*** Supplied material ***

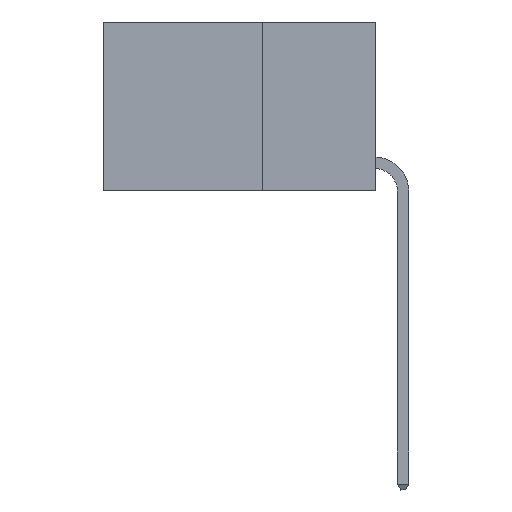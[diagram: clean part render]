
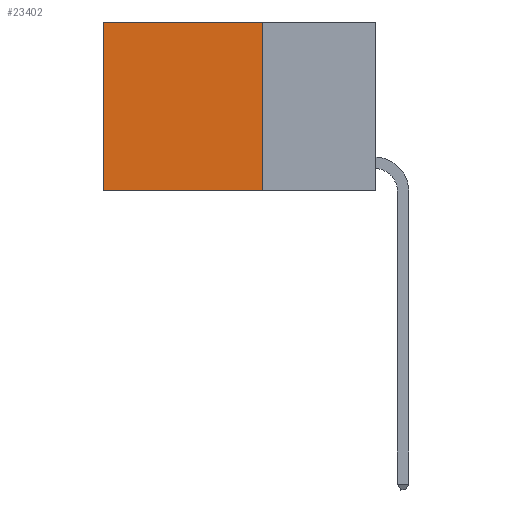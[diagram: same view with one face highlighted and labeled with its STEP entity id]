
A CAD part, left-side view. The second image highlights one B-rep face of the part: STEP entity #23402.
In plain terms, the highlighted planar face has unit normal (-1, 0, 0).
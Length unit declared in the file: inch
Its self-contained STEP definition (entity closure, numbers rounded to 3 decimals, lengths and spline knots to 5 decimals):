
#602 = VECTOR ( 'NONE', #968, 39.37008 ) ;
#740 = CARTESIAN_POINT ( 'NONE',  ( 0.2625, 0.25, -0.37 ) ) ;
#968 = DIRECTION ( 'NONE',  ( 0., 1., 0. ) ) ;
#1025 = LINE ( 'NONE', #740, #27747 ) ;
#2262 = VERTEX_POINT ( 'NONE', #26329 ) ;
#2319 = DIRECTION ( 'NONE',  ( 1., 0., 0. ) ) ;
#2471 = CARTESIAN_POINT ( 'NONE',  ( 0.2625, 0.25, 0. ) ) ;
#3002 = ORIENTED_EDGE ( 'NONE', *, *, #13881, .F. ) ;
#3449 = VECTOR ( 'NONE', #24033, 39.37008 ) ;
#4096 = DIRECTION ( 'NONE',  ( 0., 0., -1. ) ) ;
#4348 = VERTEX_POINT ( 'NONE', #27523 ) ;
#4671 = EDGE_CURVE ( 'NONE', #10564, #2262, #7928, .T. ) ;
#5039 = FACE_OUTER_BOUND ( 'NONE', #18988, .T. ) ;
#5051 = ORIENTED_EDGE ( 'NONE', *, *, #4671, .T. ) ;
#7715 = EDGE_CURVE ( 'NONE', #15222, #10564, #13028, .T. ) ;
#7928 = LINE ( 'NONE', #14986, #3449 ) ;
#8964 = CARTESIAN_POINT ( 'NONE',  ( 0.2625, 0.25, 0. ) ) ;
#10340 = CARTESIAN_POINT ( 'NONE',  ( 0.2625, 0.6, 0. ) ) ;
#10564 = VERTEX_POINT ( 'NONE', #10340 ) ;
#11210 = PLANE ( 'NONE',  #16052 ) ;
#11504 = DIRECTION ( 'NONE',  ( 0., 0., -1. ) ) ;
#13028 = LINE ( 'NONE', #28563, #602 ) ;
#13881 = EDGE_CURVE ( 'NONE', #4348, #2262, #1025, .T. ) ;
#14986 = CARTESIAN_POINT ( 'NONE',  ( 0.2625, 0.6, 0. ) ) ;
#15222 = VERTEX_POINT ( 'NONE', #2471 ) ;
#15369 = EDGE_CURVE ( 'NONE', #15222, #4348, #20830, .T. ) ;
#16052 = AXIS2_PLACEMENT_3D ( 'NONE', #8964, #2319, #11504 ) ;
#18569 = CARTESIAN_POINT ( 'NONE',  ( 0.2625, 0.25, 0. ) ) ;
#18988 = EDGE_LOOP ( 'NONE', ( #5051, #3002, #27911, #24327 ) ) ;
#20830 = LINE ( 'NONE', #18569, #22037 ) ;
#21589 = DIRECTION ( 'NONE',  ( 0., 1., 0. ) ) ;
#22037 = VECTOR ( 'NONE', #4096, 39.37008 ) ;
#23402 = ADVANCED_FACE ( 'NONE', ( #5039 ), #11210, .F. ) ;
#24033 = DIRECTION ( 'NONE',  ( 0., 0., -1. ) ) ;
#24327 = ORIENTED_EDGE ( 'NONE', *, *, #7715, .T. ) ;
#26329 = CARTESIAN_POINT ( 'NONE',  ( 0.2625, 0.6, -0.37 ) ) ;
#27523 = CARTESIAN_POINT ( 'NONE',  ( 0.2625, 0.25, -0.37 ) ) ;
#27747 = VECTOR ( 'NONE', #21589, 39.37008 ) ;
#27911 = ORIENTED_EDGE ( 'NONE', *, *, #15369, .F. ) ;
#28563 = CARTESIAN_POINT ( 'NONE',  ( 0.2625, 0.25, 0. ) ) ;

*** End of Supplied material ***

Copy the lines exactly as they appear from the opening of the entries above through the line with "#4671 = EDGE_CURVE", excluding all pictures.

[diagram: clean part render]
[diagram: same view with one face highlighted and labeled with its STEP entity id]
A CAD part, left-side view. The second image highlights one B-rep face of the part: STEP entity #23402.
In plain terms, the highlighted planar face has unit normal (-1, 0, 0).
Length unit declared in the file: inch
Its self-contained STEP definition (entity closure, numbers rounded to 3 decimals, lengths and spline knots to 5 decimals):
#602 = VECTOR ( 'NONE', #968, 39.37008 ) ;
#740 = CARTESIAN_POINT ( 'NONE',  ( 0.2625, 0.25, -0.37 ) ) ;
#968 = DIRECTION ( 'NONE',  ( 0., 1., 0. ) ) ;
#1025 = LINE ( 'NONE', #740, #27747 ) ;
#2262 = VERTEX_POINT ( 'NONE', #26329 ) ;
#2319 = DIRECTION ( 'NONE',  ( 1., 0., 0. ) ) ;
#2471 = CARTESIAN_POINT ( 'NONE',  ( 0.2625, 0.25, 0. ) ) ;
#3002 = ORIENTED_EDGE ( 'NONE', *, *, #13881, .F. ) ;
#3449 = VECTOR ( 'NONE', #24033, 39.37008 ) ;
#4096 = DIRECTION ( 'NONE',  ( 0., 0., -1. ) ) ;
#4348 = VERTEX_POINT ( 'NONE', #27523 ) ;
#4671 = EDGE_CURVE ( 'NONE', #10564, #2262, #7928, .T. ) ;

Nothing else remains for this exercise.